5.4 O ESPAÇO URBANO E SUA DINÂMICA, LARANJEIRAS E AS
TRANSFORMAÇÕES RECENTES DO ESPAÇO DE SERRA...

No item anterior pôde-se observar que nos últimos anos, notadamente, a partir de
2000, as atividades terciárias em Laranjeiras tomaram uma nova dimensão, em
função da chegada de lojas de redes, de bancos, de financeiras e, especialmente,
do Shopping. Por que Laranjeiras nesses últimos anos tornou-se tão atrativo para
essas atividades econômicas, a ponto de transformar a paisagem deste bairro, bem
como a sua função no espaço urbano de Serra? E quais são os impactos
observáveis dessas mudanças no entorno do bairro?

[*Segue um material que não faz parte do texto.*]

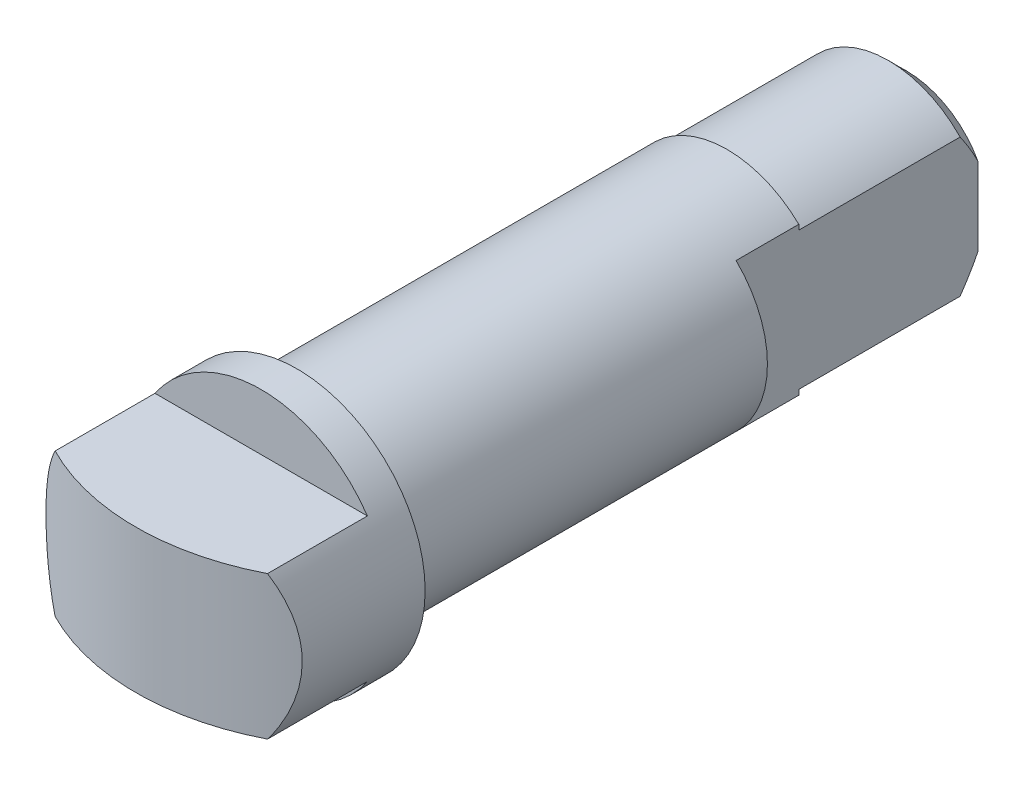
ISO-10303-21;
HEADER;
FILE_DESCRIPTION(('STEP AP214'),'2;1');
FILE_NAME('part.step','',(''),(''),'','','');
FILE_SCHEMA(('AUTOMOTIVE_DESIGN { 1 0 10303 214 1 1 1 1 }'));
ENDSEC;
DATA;
#1=APPLICATION_CONTEXT('core data for automotive mechanical design processes');
#2=APPLICATION_PROTOCOL_DEFINITION('international standard','automotive_design',2000,#1);
#3=PRODUCT_CONTEXT('',#1,'mechanical');
#4=PRODUCT('Part','Part','',(#3));
#5=PRODUCT_RELATED_PRODUCT_CATEGORY('part','',(#4));
#6=PRODUCT_DEFINITION_FORMATION('','',#4);
#7=PRODUCT_DEFINITION_CONTEXT('part definition',#1,'design');
#8=PRODUCT_DEFINITION('design','',#6,#7);
#9=PRODUCT_DEFINITION_SHAPE('','',#8);
#10=(LENGTH_UNIT() NAMED_UNIT(*) SI_UNIT(.MILLI.,.METRE.));
#11=(NAMED_UNIT(*) PLANE_ANGLE_UNIT() SI_UNIT($,.RADIAN.));
#12=(NAMED_UNIT(*) SI_UNIT($,.STERADIAN.) SOLID_ANGLE_UNIT());
#13=UNCERTAINTY_MEASURE_WITH_UNIT(LENGTH_MEASURE(1.E-05),#10,'distance_accuracy_value','');
#14=(GEOMETRIC_REPRESENTATION_CONTEXT(3) GLOBAL_UNCERTAINTY_ASSIGNED_CONTEXT((#13)) GLOBAL_UNIT_ASSIGNED_CONTEXT((#10,
#11,#12)) REPRESENTATION_CONTEXT('',''));
#15=CARTESIAN_POINT('',(0.,0.,0.));
#16=DIRECTION('',(0.,0.,1.));
#17=DIRECTION('',(1.,0.,0.));
#18=AXIS2_PLACEMENT_3D('',#15,#16,#17);
#19=CARTESIAN_POINT('',(0.,0.,2.));
#20=DIRECTION('',(0.,0.,1.));
#21=DIRECTION('',(1.,0.,0.));
#22=AXIS2_PLACEMENT_3D('',#19,#20,#21);
#23=PLANE('',#22);
#24=DIRECTION('',(1.,0.,0.));
#25=VECTOR('',#24,1.);
#26=CARTESIAN_POINT('',(-5.92642387954152,-4.,2.));
#27=LINE('',#26,#25);
#28=CARTESIAN_POINT('',(5.92642387954152,-4.,2.));
#29=VERTEX_POINT('',#28);
#30=CARTESIAN_POINT('',(-5.92642387954152,-4.,2.));
#31=VERTEX_POINT('',#30);
#32=EDGE_CURVE('E127',#29,#31,#27,.F.);
#33=ORIENTED_EDGE('',*,*,#32,.T.);
#34=CARTESIAN_POINT('',(0.,0.,2.));
#35=DIRECTION('',(0.,0.,1.));
#36=DIRECTION('',(1.,0.,0.));
#37=AXIS2_PLACEMENT_3D('',#34,#35,#36);
#38=CIRCLE('',#37,7.15);
#39=EDGE_CURVE('E142',#29,#31,#38,.F.);
#40=ORIENTED_EDGE('',*,*,#39,.F.);
#41=EDGE_LOOP('',(#33,#40));
#42=FACE_BOUND('',#41,.T.);
#43=ADVANCED_FACE('F18',(#42),#23,.T.);
#44=CARTESIAN_POINT('',(-5.92642387954152,-4.,9.));
#45=DIRECTION('',(0.,1.,0.));
#46=DIRECTION('',(0.,0.,1.));
#47=AXIS2_PLACEMENT_3D('',#44,#45,#46);
#48=PLANE('',#47);
#49=CARTESIAN_POINT('',(0.,-4.,-4.));
#50=DIRECTION('',(0.,-1.,0.));
#51=DIRECTION('',(1.,0.,0.));
#52=AXIS2_PLACEMENT_3D('',#49,#50,#51);
#53=CIRCLE('',#52,13.);
#54=CARTESIAN_POINT('',(-5.92642387954152,-4.,7.57054449885571));
#55=VERTEX_POINT('',#54);
#56=CARTESIAN_POINT('',(5.92642387954152,-4.,7.57054449885571));
#57=VERTEX_POINT('',#56);
#58=EDGE_CURVE('E21',#55,#57,#53,.F.);
#59=ORIENTED_EDGE('',*,*,#58,.F.);
#60=DIRECTION('',(0.,0.,1.));
#61=VECTOR('',#60,1.);
#62=CARTESIAN_POINT('',(-5.92642387954152,-4.,2.));
#63=LINE('',#62,#61);
#64=EDGE_CURVE('E120',#31,#55,#63,.T.);
#65=ORIENTED_EDGE('',*,*,#64,.F.);
#66=ORIENTED_EDGE('',*,*,#32,.F.);
#67=DIRECTION('',(0.,0.,1.));
#68=VECTOR('',#67,1.);
#69=CARTESIAN_POINT('',(5.92642387954152,-4.,2.));
#70=LINE('',#69,#68);
#71=EDGE_CURVE('E123',#57,#29,#70,.F.);
#72=ORIENTED_EDGE('',*,*,#71,.F.);
#73=EDGE_LOOP('',(#59,#65,#66,#72));
#74=FACE_BOUND('',#73,.T.);
#75=ADVANCED_FACE('F118',(#74),#48,.F.);
#76=CARTESIAN_POINT('',(0.,-7.150025,-4.));
#77=DIRECTION('',(0.,-1.,0.));
#78=DIRECTION('',(1.,0.,0.));
#79=AXIS2_PLACEMENT_3D('',#76,#77,#78);
#80=CYLINDRICAL_SURFACE('',#79,13.);
#81=ORIENTED_EDGE('',*,*,#58,.T.);
#82=CARTESIAN_POINT('',(5.92642387954152,4.,7.5705444988557));
#83=CARTESIAN_POINT('',(6.02826761777369,3.84910914606283,7.5183814585744));
#84=CARTESIAN_POINT('',(6.12455282690973,3.69402246735806,7.46736474262982));
#85=CARTESIAN_POINT('',(6.30546458594265,3.375961064015,7.36889298785948));
#86=CARTESIAN_POINT('',(6.39008275677941,3.21298078267545,7.32144051983297));
#87=CARTESIAN_POINT('',(6.54744381171085,2.87885042349019,7.23117366676062));
#88=CARTESIAN_POINT('',(6.62011213854141,2.70765706924609,7.18838892325316));
#89=CARTESIAN_POINT('',(6.7522657595311,2.35885152674343,7.10913357046209));
#90=CARTESIAN_POINT('',(6.81175298508131,2.18124028332255,7.07266203629257));
#91=CARTESIAN_POINT('',(6.91715186286272,1.81965618390198,7.00712899211632));
#92=CARTESIAN_POINT('',(6.96299207258808,1.63565529208902,6.97810658391696));
#93=CARTESIAN_POINT('',(7.0400531629363,1.26343493269416,6.92884948345827));
#94=CARTESIAN_POINT('',(7.07127343097694,1.0752152886908,6.90861515942624));
#95=CARTESIAN_POINT('',(7.11850768977287,0.696820913701711,6.87785109189797));
#96=CARTESIAN_POINT('',(7.13457960639309,0.50665646432597,6.86728438493025));
#97=CARTESIAN_POINT('',(7.15144656078072,0.125369130713346,6.85619269347045));
#98=CARTESIAN_POINT('',(7.152243284267,-0.0657536454373228,6.85566660093001));
#99=CARTESIAN_POINT('',(7.13921273877081,-0.428836660185208,6.86423874187427));
#100=CARTESIAN_POINT('',(7.12678511067466,-0.600871374204956,6.87241586145475));
#101=CARTESIAN_POINT('',(7.08961929954047,-0.943099367338352,6.89668714401131));
#102=CARTESIAN_POINT('',(7.06487666612975,-1.11329195801475,6.91278416904327));
#103=CARTESIAN_POINT('',(7.00331887607993,-1.4510548080192,6.95239074843211));
#104=CARTESIAN_POINT('',(6.96647314683044,-1.61861728874921,6.97591906850672));
#105=CARTESIAN_POINT('',(6.88116734128126,-1.94969505064608,7.02959962368301));
#106=CARTESIAN_POINT('',(6.83270232069214,-2.11320857611657,7.05975467816371));
#107=CARTESIAN_POINT('',(6.6748369075381,-2.58366949860598,7.156226468105));
#108=CARTESIAN_POINT('',(6.5503952455409,-2.88418668691921,7.23028975247378));
#109=CARTESIAN_POINT('',(6.33615682639975,-3.31684461145012,7.35164226832429));
#110=CARTESIAN_POINT('',(6.26036675517842,-3.45772172242448,7.39368746993782));
#111=CARTESIAN_POINT('',(6.09994470177552,-3.73343261915048,7.48037427437496));
#112=CARTESIAN_POINT('',(6.01531661223371,-3.86826902840262,7.52501473032939));
#113=CARTESIAN_POINT('',(5.92642387954152,-4.,7.57054449885571));
#114=B_SPLINE_CURVE_WITH_KNOTS('',3,(#82,#83,#84,#85,#86,#87,#88,#89,#90,#91,#92,#93,#94,#95,
#96,#97,#98,#99,#100,#101,#102,#103,#104,#105,#106,#107,#108,#109,#110,#111,#112,#113),
.UNSPECIFIED.,.F.,.F.,(4,2,2,2,2,2,2,2,2,2,2,2,2,2,2,4),(0.,0.568038351333795,1.13648255612546,
1.7083488585824,2.28013131152445,2.85485645138771,3.42960567034178,4.00214807803391,
4.57462730151,5.09202666368455,5.60961313853929,6.12851723045966,6.64764252175597,
7.64433512535002,8.14026186855841,8.63597109841601),.UNSPECIFIED.);
#115=CARTESIAN_POINT('',(5.92642387954152,4.,7.57054449885571));
#116=VERTEX_POINT('',#115);
#117=EDGE_CURVE('E149',#116,#57,#114,.T.);
#118=ORIENTED_EDGE('',*,*,#117,.F.);
#119=CARTESIAN_POINT('',(0.,4.,-4.));
#120=DIRECTION('',(0.,-1.,0.));
#121=DIRECTION('',(1.,0.,0.));
#122=AXIS2_PLACEMENT_3D('',#119,#120,#121);
#123=CIRCLE('',#122,13.);
#124=CARTESIAN_POINT('',(-5.92642387954152,4.,7.57054449885571));
#125=VERTEX_POINT('',#124);
#126=EDGE_CURVE('E132',#116,#125,#123,.T.);
#127=ORIENTED_EDGE('',*,*,#126,.T.);
#128=CARTESIAN_POINT('',(-5.92642387954152,-4.,7.57054449885571));
#129=CARTESIAN_POINT('',(-6.02826761777369,-3.84910914606283,7.51838145857441));
#130=CARTESIAN_POINT('',(-6.12455282690973,-3.69402246735806,7.46736474262982));
#131=CARTESIAN_POINT('',(-6.30546458594265,-3.375961064015,7.36889298785949));
#132=CARTESIAN_POINT('',(-6.39008275677941,-3.21298078267545,7.32144051983297));
#133=CARTESIAN_POINT('',(-6.54744381171085,-2.87885042349019,7.23117366676062));
#134=CARTESIAN_POINT('',(-6.62011213854141,-2.70765706924609,7.18838892325317));
#135=CARTESIAN_POINT('',(-6.7522657595311,-2.35885152674343,7.10913357046209));
#136=CARTESIAN_POINT('',(-6.81175298508131,-2.18124028332255,7.07266203629257));
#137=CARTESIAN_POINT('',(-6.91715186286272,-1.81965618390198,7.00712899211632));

Pôde-se observar, no item 5.2, que no decorrer da década de 1990, Laranjeiras
conheceu um importante impulso no que se refere ao desenvolvimento das
atividades terciárias. E também se viu que este crescimento está associado,
especialmente, a acessibilidade que este bairro ganhou no início da década de
1990, em função da estruturação do transporte coletivo na Grande Vitória e, além
disso, tal fato foi potencializado pelo crescimento da população do município no
período.
Neste sentido, este impulso inicial das atividades terciárias em Laranjeiras,
comandado, sobretudo, por agentes locais, foi extremamente importante para a
consolidação deste bairro enquanto subcentro terciário. Essa primeira fase foi
responsável pela formação do threshod ou mercado mínimo (COLBY apud
CORRÊA, 1997) que, por sua vez, atraiu para esse bairro as lojas maiores e o
shopping. Em outras palavras, Laranjeiras tornou-se atrativo para frações do capital
que extrapolam a alçada local, como resultado tem-se a produção de novas formas,
a partir da transformação da paisagem preexistente.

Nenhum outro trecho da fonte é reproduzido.